ABSTRACT

Philosophical enquiry stands to benefit from the inclusion of methods from the digital humanities to study language use. Empirical studies using the methods of the digital humanities have the potential to contribute to both conceptual analysis and intuition-based enquiry, two important approaches in contemporary philosophy. Empirical studies using the methods of the digital humanities can also provide valuable metaphilosophical insights into the nature of philosophical methods themselves. The use of methods from the digital humanities in philosophy should be expected to follow a similar trajectory to another attempt to introduce empirical methods in philosophy. Experimental philosophers use empirical methods from the cognitive sciences to bear on philosophical questions. At first, we should expect the main contribution of methods from the digital humanities in philosophy to be at the metaphilosophical level.

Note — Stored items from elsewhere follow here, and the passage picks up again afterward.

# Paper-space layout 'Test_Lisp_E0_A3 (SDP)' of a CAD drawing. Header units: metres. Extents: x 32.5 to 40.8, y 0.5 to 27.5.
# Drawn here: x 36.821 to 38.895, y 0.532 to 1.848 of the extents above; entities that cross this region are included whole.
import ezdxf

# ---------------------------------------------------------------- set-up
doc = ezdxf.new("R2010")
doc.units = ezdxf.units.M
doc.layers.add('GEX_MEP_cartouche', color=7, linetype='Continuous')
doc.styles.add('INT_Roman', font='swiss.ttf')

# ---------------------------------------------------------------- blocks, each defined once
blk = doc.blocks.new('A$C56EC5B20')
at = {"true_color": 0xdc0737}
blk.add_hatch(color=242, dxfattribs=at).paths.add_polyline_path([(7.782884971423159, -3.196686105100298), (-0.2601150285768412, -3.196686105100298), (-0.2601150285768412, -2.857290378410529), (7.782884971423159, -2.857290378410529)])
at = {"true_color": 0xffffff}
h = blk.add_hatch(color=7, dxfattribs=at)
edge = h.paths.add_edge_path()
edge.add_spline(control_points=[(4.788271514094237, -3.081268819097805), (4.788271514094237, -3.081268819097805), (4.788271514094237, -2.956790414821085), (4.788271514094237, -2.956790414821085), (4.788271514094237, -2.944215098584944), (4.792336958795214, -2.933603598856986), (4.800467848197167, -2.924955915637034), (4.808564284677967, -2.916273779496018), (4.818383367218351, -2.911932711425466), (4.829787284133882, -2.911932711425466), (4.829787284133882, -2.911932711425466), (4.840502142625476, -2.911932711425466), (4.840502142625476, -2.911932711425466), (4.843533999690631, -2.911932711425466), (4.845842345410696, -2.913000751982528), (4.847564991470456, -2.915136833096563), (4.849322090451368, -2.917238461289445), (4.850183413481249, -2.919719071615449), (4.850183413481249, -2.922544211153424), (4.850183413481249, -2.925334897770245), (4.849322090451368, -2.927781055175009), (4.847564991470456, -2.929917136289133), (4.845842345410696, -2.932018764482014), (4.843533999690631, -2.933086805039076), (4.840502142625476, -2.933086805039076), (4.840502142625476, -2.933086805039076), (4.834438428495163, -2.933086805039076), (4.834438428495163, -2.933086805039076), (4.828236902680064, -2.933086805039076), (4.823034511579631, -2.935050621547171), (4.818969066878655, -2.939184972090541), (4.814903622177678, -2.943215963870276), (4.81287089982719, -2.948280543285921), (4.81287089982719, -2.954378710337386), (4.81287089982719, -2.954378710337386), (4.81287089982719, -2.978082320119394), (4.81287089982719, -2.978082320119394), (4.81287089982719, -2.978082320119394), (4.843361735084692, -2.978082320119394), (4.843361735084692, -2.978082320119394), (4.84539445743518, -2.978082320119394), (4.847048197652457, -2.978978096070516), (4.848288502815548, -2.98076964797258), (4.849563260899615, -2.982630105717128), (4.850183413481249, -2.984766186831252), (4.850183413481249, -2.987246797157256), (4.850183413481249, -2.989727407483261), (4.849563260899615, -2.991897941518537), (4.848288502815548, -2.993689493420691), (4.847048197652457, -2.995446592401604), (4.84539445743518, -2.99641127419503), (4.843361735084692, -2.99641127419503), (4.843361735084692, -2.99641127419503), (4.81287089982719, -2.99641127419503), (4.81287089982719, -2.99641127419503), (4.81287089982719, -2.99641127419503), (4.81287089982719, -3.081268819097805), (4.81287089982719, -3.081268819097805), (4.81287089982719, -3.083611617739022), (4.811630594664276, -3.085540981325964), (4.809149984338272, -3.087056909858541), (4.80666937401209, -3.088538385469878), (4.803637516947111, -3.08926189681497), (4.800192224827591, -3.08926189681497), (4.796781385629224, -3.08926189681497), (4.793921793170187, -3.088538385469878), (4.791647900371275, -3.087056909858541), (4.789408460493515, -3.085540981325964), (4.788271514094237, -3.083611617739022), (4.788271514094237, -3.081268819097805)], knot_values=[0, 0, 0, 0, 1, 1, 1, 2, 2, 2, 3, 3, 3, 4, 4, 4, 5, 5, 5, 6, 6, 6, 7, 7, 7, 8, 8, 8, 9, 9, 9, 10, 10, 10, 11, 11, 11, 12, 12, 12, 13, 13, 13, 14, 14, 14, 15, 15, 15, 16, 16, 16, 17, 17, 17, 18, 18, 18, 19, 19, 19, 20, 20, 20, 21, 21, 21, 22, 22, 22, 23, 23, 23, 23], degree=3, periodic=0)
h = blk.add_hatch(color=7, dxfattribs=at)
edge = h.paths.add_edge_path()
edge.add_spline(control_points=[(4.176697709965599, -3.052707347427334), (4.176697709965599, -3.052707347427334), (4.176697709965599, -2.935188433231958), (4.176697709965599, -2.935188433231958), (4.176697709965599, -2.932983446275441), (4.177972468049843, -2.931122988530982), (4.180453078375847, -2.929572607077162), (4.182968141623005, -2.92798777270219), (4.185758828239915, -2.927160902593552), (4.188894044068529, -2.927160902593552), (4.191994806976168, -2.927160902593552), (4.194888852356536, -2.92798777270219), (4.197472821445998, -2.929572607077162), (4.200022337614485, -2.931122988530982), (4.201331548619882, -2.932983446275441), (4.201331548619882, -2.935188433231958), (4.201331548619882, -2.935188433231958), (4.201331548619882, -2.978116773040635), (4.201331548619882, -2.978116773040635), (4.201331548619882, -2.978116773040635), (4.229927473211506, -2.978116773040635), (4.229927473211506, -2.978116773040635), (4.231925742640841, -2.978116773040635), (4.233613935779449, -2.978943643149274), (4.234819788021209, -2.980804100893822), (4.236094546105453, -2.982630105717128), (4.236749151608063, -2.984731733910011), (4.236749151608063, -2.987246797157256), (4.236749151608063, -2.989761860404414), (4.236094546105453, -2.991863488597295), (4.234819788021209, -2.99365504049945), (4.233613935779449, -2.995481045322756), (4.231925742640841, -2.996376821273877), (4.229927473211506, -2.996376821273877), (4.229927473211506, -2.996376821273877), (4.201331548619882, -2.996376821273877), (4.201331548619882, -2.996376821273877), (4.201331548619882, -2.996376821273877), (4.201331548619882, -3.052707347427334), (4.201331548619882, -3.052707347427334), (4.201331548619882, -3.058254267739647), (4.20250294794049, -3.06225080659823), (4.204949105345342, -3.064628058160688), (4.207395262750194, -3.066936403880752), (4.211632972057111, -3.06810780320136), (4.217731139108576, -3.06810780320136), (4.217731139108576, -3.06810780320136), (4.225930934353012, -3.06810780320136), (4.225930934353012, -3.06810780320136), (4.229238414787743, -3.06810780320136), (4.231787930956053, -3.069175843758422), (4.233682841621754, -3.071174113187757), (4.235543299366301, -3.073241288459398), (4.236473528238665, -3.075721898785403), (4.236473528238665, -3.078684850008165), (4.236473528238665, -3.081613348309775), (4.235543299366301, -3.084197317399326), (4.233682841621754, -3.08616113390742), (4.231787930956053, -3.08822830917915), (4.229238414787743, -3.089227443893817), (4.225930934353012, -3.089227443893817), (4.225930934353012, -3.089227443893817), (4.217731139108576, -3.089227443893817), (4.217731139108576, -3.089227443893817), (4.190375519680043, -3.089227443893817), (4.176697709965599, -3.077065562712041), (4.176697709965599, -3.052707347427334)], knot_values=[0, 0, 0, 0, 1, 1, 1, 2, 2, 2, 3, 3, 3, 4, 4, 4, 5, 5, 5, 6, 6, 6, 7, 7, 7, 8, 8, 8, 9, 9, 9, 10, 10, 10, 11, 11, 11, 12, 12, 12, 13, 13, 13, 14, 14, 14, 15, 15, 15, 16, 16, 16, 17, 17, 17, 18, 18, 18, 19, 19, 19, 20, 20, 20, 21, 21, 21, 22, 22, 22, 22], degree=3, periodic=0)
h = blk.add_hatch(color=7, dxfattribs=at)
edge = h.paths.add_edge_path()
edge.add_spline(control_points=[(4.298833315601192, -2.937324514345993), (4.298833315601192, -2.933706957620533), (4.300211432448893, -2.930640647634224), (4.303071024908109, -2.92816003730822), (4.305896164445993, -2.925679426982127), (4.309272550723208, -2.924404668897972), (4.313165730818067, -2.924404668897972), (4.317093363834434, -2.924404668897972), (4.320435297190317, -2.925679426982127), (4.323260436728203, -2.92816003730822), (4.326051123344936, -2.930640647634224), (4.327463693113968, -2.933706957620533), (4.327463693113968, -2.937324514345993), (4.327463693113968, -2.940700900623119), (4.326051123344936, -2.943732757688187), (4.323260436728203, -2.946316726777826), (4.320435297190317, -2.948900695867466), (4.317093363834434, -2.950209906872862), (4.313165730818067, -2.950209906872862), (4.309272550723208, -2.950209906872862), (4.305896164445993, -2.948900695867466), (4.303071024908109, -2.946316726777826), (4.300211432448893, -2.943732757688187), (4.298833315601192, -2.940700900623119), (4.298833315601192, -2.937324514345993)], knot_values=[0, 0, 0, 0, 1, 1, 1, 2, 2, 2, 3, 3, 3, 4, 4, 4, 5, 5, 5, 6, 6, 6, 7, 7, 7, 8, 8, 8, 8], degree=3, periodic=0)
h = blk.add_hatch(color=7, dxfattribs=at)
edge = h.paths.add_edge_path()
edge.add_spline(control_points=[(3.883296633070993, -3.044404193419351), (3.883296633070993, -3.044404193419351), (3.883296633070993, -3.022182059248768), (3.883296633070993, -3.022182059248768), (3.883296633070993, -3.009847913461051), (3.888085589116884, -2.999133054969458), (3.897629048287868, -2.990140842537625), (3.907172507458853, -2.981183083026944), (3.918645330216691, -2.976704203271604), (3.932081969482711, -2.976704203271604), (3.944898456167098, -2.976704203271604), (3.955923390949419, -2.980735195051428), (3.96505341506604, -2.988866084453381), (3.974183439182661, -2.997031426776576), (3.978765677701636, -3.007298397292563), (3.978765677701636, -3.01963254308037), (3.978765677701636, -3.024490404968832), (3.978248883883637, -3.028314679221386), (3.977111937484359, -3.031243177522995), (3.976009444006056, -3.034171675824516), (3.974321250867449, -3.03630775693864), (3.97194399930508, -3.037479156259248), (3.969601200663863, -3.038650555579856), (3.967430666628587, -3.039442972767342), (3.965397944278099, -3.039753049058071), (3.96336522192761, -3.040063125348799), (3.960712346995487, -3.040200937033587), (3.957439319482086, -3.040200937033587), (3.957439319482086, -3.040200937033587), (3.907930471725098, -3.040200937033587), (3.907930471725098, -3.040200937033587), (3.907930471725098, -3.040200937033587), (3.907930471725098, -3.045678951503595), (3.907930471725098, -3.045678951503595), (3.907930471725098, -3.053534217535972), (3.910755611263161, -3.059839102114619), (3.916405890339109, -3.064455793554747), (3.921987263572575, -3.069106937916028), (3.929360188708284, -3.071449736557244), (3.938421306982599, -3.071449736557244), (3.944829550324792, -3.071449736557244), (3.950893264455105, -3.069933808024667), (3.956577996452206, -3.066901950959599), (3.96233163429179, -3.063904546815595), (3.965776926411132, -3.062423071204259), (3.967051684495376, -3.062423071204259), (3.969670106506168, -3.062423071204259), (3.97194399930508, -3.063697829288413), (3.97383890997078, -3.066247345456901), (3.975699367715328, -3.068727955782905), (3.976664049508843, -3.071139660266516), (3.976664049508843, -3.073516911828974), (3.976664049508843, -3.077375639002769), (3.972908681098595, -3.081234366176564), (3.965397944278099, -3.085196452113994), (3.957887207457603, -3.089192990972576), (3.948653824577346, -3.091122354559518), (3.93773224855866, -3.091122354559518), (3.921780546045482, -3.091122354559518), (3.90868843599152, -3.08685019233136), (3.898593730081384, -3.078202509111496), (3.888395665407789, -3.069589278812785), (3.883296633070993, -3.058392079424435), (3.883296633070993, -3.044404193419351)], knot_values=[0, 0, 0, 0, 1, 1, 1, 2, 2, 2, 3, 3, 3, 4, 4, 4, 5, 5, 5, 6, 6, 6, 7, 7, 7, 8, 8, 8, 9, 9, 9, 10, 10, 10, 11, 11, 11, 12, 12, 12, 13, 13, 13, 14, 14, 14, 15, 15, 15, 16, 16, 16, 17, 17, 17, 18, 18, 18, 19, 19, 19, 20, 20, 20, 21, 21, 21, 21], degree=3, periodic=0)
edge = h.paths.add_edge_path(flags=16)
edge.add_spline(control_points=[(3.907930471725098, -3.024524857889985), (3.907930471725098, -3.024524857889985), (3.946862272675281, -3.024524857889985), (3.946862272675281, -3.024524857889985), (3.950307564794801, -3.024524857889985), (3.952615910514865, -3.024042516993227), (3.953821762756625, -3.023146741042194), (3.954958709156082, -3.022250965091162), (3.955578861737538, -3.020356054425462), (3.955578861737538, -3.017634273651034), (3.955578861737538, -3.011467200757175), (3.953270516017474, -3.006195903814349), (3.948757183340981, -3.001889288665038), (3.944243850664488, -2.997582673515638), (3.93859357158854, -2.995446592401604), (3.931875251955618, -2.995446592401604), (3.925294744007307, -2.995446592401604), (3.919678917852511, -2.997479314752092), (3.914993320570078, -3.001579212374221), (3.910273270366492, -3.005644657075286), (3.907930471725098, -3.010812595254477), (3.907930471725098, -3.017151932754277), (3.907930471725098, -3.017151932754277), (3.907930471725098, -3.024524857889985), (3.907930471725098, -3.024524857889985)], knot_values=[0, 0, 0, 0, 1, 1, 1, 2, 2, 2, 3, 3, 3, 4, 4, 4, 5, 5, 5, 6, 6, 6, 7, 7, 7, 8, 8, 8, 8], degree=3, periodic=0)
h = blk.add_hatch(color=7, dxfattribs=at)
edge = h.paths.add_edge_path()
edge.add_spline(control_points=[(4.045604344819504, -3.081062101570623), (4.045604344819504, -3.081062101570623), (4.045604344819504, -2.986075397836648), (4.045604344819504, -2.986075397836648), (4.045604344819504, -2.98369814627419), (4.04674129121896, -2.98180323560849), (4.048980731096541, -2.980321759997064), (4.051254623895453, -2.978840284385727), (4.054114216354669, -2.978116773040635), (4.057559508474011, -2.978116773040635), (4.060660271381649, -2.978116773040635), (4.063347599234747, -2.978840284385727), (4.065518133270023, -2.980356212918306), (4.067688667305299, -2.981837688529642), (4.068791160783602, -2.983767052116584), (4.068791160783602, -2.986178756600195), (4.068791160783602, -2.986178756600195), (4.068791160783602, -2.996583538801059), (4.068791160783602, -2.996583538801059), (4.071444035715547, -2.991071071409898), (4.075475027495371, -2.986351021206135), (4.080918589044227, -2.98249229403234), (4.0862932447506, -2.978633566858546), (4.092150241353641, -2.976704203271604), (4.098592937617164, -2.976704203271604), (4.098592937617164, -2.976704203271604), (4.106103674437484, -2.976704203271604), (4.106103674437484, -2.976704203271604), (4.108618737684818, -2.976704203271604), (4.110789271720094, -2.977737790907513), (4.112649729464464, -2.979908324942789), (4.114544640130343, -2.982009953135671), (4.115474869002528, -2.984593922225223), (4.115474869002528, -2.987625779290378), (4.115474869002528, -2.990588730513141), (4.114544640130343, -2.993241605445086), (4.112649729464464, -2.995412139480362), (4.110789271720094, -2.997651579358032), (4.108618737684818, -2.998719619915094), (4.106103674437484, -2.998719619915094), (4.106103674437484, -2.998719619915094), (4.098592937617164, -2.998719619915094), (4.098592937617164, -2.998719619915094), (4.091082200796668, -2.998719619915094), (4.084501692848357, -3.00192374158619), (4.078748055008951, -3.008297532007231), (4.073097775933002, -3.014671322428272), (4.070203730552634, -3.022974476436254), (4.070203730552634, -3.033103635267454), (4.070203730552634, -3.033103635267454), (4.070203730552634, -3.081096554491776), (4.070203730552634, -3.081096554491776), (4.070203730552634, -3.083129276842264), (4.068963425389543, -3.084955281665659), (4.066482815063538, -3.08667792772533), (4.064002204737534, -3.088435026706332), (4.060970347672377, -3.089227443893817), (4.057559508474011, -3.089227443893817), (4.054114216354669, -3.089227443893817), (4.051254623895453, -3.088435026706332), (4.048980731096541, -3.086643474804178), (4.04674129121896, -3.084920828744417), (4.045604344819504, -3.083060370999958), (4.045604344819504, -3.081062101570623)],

Then, given the right impetus and support, we are optimistic that methods from the digital humanities can make important and sustained contributions to first-order philosophical enquiry. This chapter gives two case studies of recent studies in which methods from the digital humanities are used to address metaphilosophical questions about the use of the word ‘intuition’ and the methods of philosophy and physics. It gives three examples of contemporary first-order philosophical debates to which methods from the digital humanities could make an important contribution in epistemology, metaphysics and philosophy of language. The chapter discusses some methodological challenges and limitations which are of particular importance when considering the application of methods from the digital humanities in philosophy, including concerns about the demographic representativeness of widely available corpora.